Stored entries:
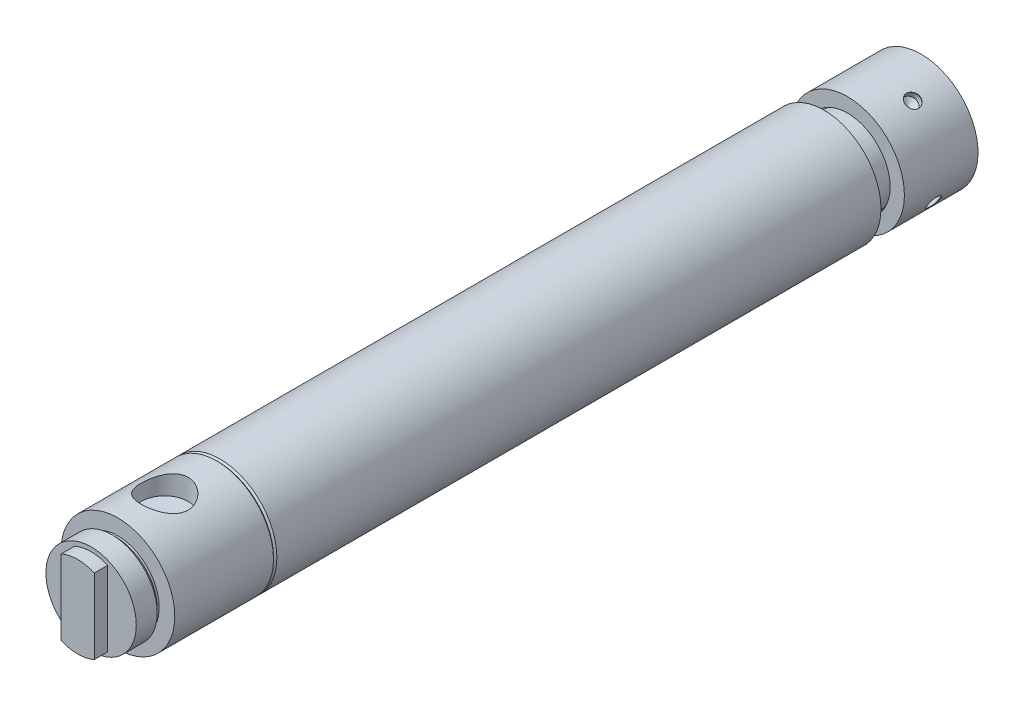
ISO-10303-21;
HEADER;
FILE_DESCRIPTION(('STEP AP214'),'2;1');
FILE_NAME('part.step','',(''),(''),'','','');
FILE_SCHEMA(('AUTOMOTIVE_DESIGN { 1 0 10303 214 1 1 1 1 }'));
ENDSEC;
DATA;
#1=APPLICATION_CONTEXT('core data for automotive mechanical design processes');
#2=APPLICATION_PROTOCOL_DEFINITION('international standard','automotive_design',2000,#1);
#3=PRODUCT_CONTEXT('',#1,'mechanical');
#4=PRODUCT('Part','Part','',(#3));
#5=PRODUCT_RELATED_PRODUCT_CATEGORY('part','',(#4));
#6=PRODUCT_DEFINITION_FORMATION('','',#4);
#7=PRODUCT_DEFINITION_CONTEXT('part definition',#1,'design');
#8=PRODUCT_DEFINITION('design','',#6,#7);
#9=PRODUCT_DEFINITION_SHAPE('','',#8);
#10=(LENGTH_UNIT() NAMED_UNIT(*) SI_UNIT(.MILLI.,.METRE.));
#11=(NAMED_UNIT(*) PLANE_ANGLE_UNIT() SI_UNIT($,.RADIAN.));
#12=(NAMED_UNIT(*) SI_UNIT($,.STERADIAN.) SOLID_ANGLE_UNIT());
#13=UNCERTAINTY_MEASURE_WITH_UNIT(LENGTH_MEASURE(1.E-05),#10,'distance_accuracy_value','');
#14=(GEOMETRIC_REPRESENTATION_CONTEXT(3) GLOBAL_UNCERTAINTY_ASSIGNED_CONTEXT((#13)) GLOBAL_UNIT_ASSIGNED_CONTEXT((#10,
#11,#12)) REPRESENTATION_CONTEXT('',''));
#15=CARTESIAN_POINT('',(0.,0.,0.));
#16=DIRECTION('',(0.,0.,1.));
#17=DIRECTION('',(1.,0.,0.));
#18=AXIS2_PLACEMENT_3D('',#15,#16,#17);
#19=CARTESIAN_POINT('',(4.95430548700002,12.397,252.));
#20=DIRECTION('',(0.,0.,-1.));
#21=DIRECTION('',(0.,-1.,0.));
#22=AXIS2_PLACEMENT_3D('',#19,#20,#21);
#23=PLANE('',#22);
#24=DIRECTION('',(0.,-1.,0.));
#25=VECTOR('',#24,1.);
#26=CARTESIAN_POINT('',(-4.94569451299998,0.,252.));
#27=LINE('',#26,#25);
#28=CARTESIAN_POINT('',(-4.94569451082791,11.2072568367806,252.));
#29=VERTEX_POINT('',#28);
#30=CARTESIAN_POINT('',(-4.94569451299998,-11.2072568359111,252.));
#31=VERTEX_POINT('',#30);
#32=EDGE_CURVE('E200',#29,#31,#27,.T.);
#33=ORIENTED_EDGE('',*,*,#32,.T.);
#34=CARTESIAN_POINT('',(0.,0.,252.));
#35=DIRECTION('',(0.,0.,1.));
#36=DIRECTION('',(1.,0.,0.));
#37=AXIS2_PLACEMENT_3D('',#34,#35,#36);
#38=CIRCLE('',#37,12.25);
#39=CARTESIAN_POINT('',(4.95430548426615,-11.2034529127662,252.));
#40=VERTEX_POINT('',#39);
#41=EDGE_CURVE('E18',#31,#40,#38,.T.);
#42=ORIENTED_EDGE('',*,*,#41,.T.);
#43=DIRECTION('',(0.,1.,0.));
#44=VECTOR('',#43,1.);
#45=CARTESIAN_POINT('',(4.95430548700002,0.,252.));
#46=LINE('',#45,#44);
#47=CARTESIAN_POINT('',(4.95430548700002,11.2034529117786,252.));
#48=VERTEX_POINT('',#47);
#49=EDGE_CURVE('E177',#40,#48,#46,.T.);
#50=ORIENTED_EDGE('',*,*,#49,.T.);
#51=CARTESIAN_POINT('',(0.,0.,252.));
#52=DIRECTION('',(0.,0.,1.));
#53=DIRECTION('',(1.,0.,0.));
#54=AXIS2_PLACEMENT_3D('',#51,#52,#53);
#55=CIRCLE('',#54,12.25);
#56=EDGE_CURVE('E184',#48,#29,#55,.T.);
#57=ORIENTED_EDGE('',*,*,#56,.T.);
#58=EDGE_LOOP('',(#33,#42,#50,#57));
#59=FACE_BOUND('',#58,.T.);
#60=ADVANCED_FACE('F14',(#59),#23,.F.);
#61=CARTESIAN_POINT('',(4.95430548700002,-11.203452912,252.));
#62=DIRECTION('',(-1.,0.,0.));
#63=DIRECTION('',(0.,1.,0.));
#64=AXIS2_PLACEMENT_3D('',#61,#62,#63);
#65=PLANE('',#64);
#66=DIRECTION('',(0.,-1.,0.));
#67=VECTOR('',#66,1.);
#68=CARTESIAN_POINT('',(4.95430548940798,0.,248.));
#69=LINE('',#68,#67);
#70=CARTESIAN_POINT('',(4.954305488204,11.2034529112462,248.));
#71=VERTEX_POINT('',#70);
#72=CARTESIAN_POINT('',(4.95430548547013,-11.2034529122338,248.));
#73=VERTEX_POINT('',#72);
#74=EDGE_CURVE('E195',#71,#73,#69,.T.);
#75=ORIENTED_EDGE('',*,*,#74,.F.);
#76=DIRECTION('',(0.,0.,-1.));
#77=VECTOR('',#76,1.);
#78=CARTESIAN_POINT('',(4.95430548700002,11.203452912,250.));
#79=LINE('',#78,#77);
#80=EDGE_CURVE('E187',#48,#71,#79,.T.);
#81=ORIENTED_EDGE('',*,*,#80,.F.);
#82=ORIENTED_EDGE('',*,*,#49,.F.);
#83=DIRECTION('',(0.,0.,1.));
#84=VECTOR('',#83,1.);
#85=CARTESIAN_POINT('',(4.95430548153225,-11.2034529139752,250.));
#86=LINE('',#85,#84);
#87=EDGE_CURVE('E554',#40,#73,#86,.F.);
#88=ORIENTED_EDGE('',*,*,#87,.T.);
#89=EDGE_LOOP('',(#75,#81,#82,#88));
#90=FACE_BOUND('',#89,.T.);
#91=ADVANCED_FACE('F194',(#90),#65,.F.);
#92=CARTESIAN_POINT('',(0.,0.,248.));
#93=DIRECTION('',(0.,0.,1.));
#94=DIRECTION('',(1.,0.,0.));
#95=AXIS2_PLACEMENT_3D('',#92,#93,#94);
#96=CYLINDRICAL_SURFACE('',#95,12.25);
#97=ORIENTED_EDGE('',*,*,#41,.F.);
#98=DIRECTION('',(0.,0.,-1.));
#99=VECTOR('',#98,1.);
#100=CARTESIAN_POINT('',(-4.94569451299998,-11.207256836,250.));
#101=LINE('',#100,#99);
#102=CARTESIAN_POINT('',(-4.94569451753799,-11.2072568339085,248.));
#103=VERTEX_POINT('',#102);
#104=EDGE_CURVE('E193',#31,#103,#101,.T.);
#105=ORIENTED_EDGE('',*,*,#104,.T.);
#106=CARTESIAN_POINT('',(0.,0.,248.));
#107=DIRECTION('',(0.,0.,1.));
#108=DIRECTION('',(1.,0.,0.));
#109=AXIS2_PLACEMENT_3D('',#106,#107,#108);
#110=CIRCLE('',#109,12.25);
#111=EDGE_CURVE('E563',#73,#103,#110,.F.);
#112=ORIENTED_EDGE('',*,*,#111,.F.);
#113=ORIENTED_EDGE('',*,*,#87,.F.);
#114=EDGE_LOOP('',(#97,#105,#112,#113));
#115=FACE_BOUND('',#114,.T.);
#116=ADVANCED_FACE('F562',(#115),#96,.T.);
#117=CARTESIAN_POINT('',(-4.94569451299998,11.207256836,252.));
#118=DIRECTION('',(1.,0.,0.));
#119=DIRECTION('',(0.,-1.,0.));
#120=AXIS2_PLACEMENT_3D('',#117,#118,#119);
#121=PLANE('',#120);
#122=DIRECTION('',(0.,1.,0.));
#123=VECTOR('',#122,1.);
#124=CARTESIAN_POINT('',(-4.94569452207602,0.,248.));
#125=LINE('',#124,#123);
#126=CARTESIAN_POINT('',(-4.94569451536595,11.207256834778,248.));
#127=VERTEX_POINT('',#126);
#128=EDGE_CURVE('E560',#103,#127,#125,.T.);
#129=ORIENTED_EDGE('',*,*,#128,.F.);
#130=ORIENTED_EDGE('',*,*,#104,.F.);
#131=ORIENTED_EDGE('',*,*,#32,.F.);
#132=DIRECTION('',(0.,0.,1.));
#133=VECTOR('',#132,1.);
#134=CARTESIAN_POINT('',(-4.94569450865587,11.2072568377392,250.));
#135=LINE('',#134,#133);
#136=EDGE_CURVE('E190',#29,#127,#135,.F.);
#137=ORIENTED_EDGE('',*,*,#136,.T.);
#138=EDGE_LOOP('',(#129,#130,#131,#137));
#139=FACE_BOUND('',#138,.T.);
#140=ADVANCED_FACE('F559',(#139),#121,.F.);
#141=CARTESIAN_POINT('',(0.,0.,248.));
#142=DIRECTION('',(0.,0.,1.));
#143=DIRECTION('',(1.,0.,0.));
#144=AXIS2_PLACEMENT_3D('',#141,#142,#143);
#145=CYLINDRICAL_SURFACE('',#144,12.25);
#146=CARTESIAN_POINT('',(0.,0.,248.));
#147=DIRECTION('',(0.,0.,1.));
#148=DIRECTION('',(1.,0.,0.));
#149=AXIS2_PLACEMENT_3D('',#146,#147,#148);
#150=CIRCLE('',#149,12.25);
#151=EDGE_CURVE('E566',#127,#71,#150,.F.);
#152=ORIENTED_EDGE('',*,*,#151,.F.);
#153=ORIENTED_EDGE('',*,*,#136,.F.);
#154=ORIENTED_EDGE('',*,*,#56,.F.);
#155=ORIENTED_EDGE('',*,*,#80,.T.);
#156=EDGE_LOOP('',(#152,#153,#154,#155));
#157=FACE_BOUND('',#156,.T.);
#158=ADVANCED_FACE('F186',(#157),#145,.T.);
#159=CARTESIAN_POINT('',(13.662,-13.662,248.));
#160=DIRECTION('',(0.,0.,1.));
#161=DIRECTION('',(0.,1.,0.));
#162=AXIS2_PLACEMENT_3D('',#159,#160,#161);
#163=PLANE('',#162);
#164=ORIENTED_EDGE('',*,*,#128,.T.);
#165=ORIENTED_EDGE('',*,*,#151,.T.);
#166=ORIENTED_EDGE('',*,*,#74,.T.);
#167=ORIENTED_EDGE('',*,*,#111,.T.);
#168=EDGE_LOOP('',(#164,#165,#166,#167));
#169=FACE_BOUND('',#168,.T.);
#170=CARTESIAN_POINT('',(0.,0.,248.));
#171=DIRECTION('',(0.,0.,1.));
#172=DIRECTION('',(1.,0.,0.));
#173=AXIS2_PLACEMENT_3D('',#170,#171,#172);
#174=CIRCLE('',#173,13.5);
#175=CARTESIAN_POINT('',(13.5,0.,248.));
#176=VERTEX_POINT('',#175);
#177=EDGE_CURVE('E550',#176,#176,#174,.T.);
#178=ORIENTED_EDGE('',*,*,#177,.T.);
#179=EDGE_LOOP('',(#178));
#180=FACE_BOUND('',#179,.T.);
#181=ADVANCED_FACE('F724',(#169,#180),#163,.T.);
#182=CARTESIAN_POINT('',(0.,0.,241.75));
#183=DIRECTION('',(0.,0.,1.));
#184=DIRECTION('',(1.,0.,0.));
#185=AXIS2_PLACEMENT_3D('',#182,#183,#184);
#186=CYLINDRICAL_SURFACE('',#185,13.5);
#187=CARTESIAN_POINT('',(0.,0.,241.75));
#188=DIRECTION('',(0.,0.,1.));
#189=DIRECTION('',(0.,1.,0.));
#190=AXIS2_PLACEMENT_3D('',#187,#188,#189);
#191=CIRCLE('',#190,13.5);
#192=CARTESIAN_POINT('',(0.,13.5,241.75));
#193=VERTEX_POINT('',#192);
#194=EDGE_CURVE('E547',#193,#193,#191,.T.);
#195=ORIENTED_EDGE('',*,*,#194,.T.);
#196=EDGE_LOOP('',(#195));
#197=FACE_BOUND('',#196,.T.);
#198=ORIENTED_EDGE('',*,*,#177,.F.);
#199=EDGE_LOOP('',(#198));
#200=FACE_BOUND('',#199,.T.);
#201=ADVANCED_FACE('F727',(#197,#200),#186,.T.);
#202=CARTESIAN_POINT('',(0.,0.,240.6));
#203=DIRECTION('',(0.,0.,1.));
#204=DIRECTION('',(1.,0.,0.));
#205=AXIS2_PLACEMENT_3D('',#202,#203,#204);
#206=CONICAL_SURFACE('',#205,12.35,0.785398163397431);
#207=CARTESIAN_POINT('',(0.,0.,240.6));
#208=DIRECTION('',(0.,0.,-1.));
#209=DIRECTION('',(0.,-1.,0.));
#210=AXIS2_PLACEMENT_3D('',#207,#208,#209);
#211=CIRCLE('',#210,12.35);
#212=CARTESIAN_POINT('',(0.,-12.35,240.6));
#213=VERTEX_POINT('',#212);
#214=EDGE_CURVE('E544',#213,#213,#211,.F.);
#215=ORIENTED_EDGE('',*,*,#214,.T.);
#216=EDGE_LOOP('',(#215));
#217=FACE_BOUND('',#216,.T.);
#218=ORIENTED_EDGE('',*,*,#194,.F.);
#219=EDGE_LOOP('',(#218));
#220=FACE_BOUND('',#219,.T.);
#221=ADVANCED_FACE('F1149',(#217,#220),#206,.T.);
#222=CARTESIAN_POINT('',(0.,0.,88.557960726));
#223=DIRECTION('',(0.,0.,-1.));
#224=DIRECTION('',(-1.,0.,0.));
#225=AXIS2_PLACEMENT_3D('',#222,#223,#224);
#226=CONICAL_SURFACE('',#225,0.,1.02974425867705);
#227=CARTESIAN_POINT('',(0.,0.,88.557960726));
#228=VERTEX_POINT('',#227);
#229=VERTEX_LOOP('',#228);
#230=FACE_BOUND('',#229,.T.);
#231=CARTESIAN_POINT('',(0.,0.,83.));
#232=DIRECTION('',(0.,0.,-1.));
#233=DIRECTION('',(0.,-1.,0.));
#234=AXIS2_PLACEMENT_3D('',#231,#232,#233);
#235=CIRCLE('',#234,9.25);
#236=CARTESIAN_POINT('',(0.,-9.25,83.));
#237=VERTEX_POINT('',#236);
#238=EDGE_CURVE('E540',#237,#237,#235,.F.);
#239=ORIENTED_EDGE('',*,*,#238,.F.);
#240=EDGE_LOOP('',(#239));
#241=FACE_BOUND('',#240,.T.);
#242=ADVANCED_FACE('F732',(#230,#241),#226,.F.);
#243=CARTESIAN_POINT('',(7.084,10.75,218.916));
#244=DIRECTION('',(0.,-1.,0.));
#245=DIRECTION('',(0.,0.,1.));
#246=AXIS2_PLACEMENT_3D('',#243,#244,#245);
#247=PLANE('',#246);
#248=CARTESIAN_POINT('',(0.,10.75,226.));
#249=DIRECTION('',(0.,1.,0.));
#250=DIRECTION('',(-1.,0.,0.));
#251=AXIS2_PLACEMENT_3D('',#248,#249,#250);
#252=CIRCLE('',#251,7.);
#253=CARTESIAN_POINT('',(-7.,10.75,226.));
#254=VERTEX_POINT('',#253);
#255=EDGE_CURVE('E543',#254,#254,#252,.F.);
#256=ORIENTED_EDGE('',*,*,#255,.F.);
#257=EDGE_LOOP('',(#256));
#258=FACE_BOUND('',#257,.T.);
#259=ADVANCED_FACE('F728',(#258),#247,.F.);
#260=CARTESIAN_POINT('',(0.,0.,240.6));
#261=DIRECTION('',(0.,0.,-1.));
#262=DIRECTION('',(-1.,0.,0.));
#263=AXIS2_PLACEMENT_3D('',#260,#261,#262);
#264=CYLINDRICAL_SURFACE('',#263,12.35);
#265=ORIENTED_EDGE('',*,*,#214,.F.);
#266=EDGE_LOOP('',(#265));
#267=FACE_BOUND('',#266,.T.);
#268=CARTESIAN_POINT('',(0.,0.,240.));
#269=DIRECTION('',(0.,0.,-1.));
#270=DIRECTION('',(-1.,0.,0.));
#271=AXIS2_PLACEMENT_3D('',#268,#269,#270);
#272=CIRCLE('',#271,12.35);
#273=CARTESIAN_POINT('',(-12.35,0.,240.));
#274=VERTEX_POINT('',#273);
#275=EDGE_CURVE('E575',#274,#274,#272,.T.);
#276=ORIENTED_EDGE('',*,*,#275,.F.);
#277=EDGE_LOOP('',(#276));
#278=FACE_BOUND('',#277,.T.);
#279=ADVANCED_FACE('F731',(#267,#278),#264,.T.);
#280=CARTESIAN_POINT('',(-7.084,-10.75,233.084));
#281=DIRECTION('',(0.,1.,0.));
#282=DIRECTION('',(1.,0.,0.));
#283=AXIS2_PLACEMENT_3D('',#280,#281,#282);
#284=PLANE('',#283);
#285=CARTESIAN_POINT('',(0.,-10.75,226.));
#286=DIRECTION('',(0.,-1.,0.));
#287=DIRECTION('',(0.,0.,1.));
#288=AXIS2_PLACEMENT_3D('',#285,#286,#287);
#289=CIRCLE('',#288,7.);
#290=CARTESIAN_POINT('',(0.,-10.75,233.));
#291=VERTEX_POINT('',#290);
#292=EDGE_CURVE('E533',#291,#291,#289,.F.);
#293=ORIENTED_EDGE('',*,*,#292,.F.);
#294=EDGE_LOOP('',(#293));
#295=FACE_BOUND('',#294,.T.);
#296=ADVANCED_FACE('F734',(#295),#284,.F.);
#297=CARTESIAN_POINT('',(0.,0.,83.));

TASK OBJECTIVE
Output, from the data above, the lines from the line with "#178=ORIENTED_EDGE('',*,*,#177,.T.);" to the line with "#233=DIRECTION('',(0.,-1.,0.));" exactly as they stand, both ends included and nothing else.

RESPONSE TO THE TASK
#178=ORIENTED_EDGE('',*,*,#177,.T.);
#179=EDGE_LOOP('',(#178));
#180=FACE_BOUND('',#179,.T.);
#181=ADVANCED_FACE('F724',(#169,#180),#163,.T.);
#182=CARTESIAN_POINT('',(0.,0.,241.75));
#183=DIRECTION('',(0.,0.,1.));
#184=DIRECTION('',(1.,0.,0.));
#185=AXIS2_PLACEMENT_3D('',#182,#183,#184);
#186=CYLINDRICAL_SURFACE('',#185,13.5);
#187=CARTESIAN_POINT('',(0.,0.,241.75));
#188=DIRECTION('',(0.,0.,1.));
#189=DIRECTION('',(0.,1.,0.));
#190=AXIS2_PLACEMENT_3D('',#187,#188,#189);
#191=CIRCLE('',#190,13.5);
#192=CARTESIAN_POINT('',(0.,13.5,241.75));
#193=VERTEX_POINT('',#192);
#194=EDGE_CURVE('E547',#193,#193,#191,.T.);
#195=ORIENTED_EDGE('',*,*,#194,.T.);
#196=EDGE_LOOP('',(#195));
#197=FACE_BOUND('',#196,.T.);
#198=ORIENTED_EDGE('',*,*,#177,.F.);
#199=EDGE_LOOP('',(#198));
#200=FACE_BOUND('',#199,.T.);
#201=ADVANCED_FACE('F727',(#197,#200),#186,.T.);
#202=CARTESIAN_POINT('',(0.,0.,240.6));
#203=DIRECTION('',(0.,0.,1.));
#204=DIRECTION('',(1.,0.,0.));
#205=AXIS2_PLACEMENT_3D('',#202,#203,#204);
#206=CONICAL_SURFACE('',#205,12.35,0.785398163397431);
#207=CARTESIAN_POINT('',(0.,0.,240.6));
#208=DIRECTION('',(0.,0.,-1.));
#209=DIRECTION('',(0.,-1.,0.));
#210=AXIS2_PLACEMENT_3D('',#207,#208,#209);
#211=CIRCLE('',#210,12.35);
#212=CARTESIAN_POINT('',(0.,-12.35,240.6));
#213=VERTEX_POINT('',#212);
#214=EDGE_CURVE('E544',#213,#213,#211,.F.);
#215=ORIENTED_EDGE('',*,*,#214,.T.);
#216=EDGE_LOOP('',(#215));
#217=FACE_BOUND('',#216,.T.);
#218=ORIENTED_EDGE('',*,*,#194,.F.);
#219=EDGE_LOOP('',(#218));
#220=FACE_BOUND('',#219,.T.);
#221=ADVANCED_FACE('F1149',(#217,#220),#206,.T.);
#222=CARTESIAN_POINT('',(0.,0.,88.557960726));
#223=DIRECTION('',(0.,0.,-1.));
#224=DIRECTION('',(-1.,0.,0.));
#225=AXIS2_PLACEMENT_3D('',#222,#223,#224);
#226=CONICAL_SURFACE('',#225,0.,1.02974425867705);
#227=CARTESIAN_POINT('',(0.,0.,88.557960726));
#228=VERTEX_POINT('',#227);
#229=VERTEX_LOOP('',#228);
#230=FACE_BOUND('',#229,.T.);
#231=CARTESIAN_POINT('',(0.,0.,83.));
#232=DIRECTION('',(0.,0.,-1.));
#233=DIRECTION('',(0.,-1.,0.));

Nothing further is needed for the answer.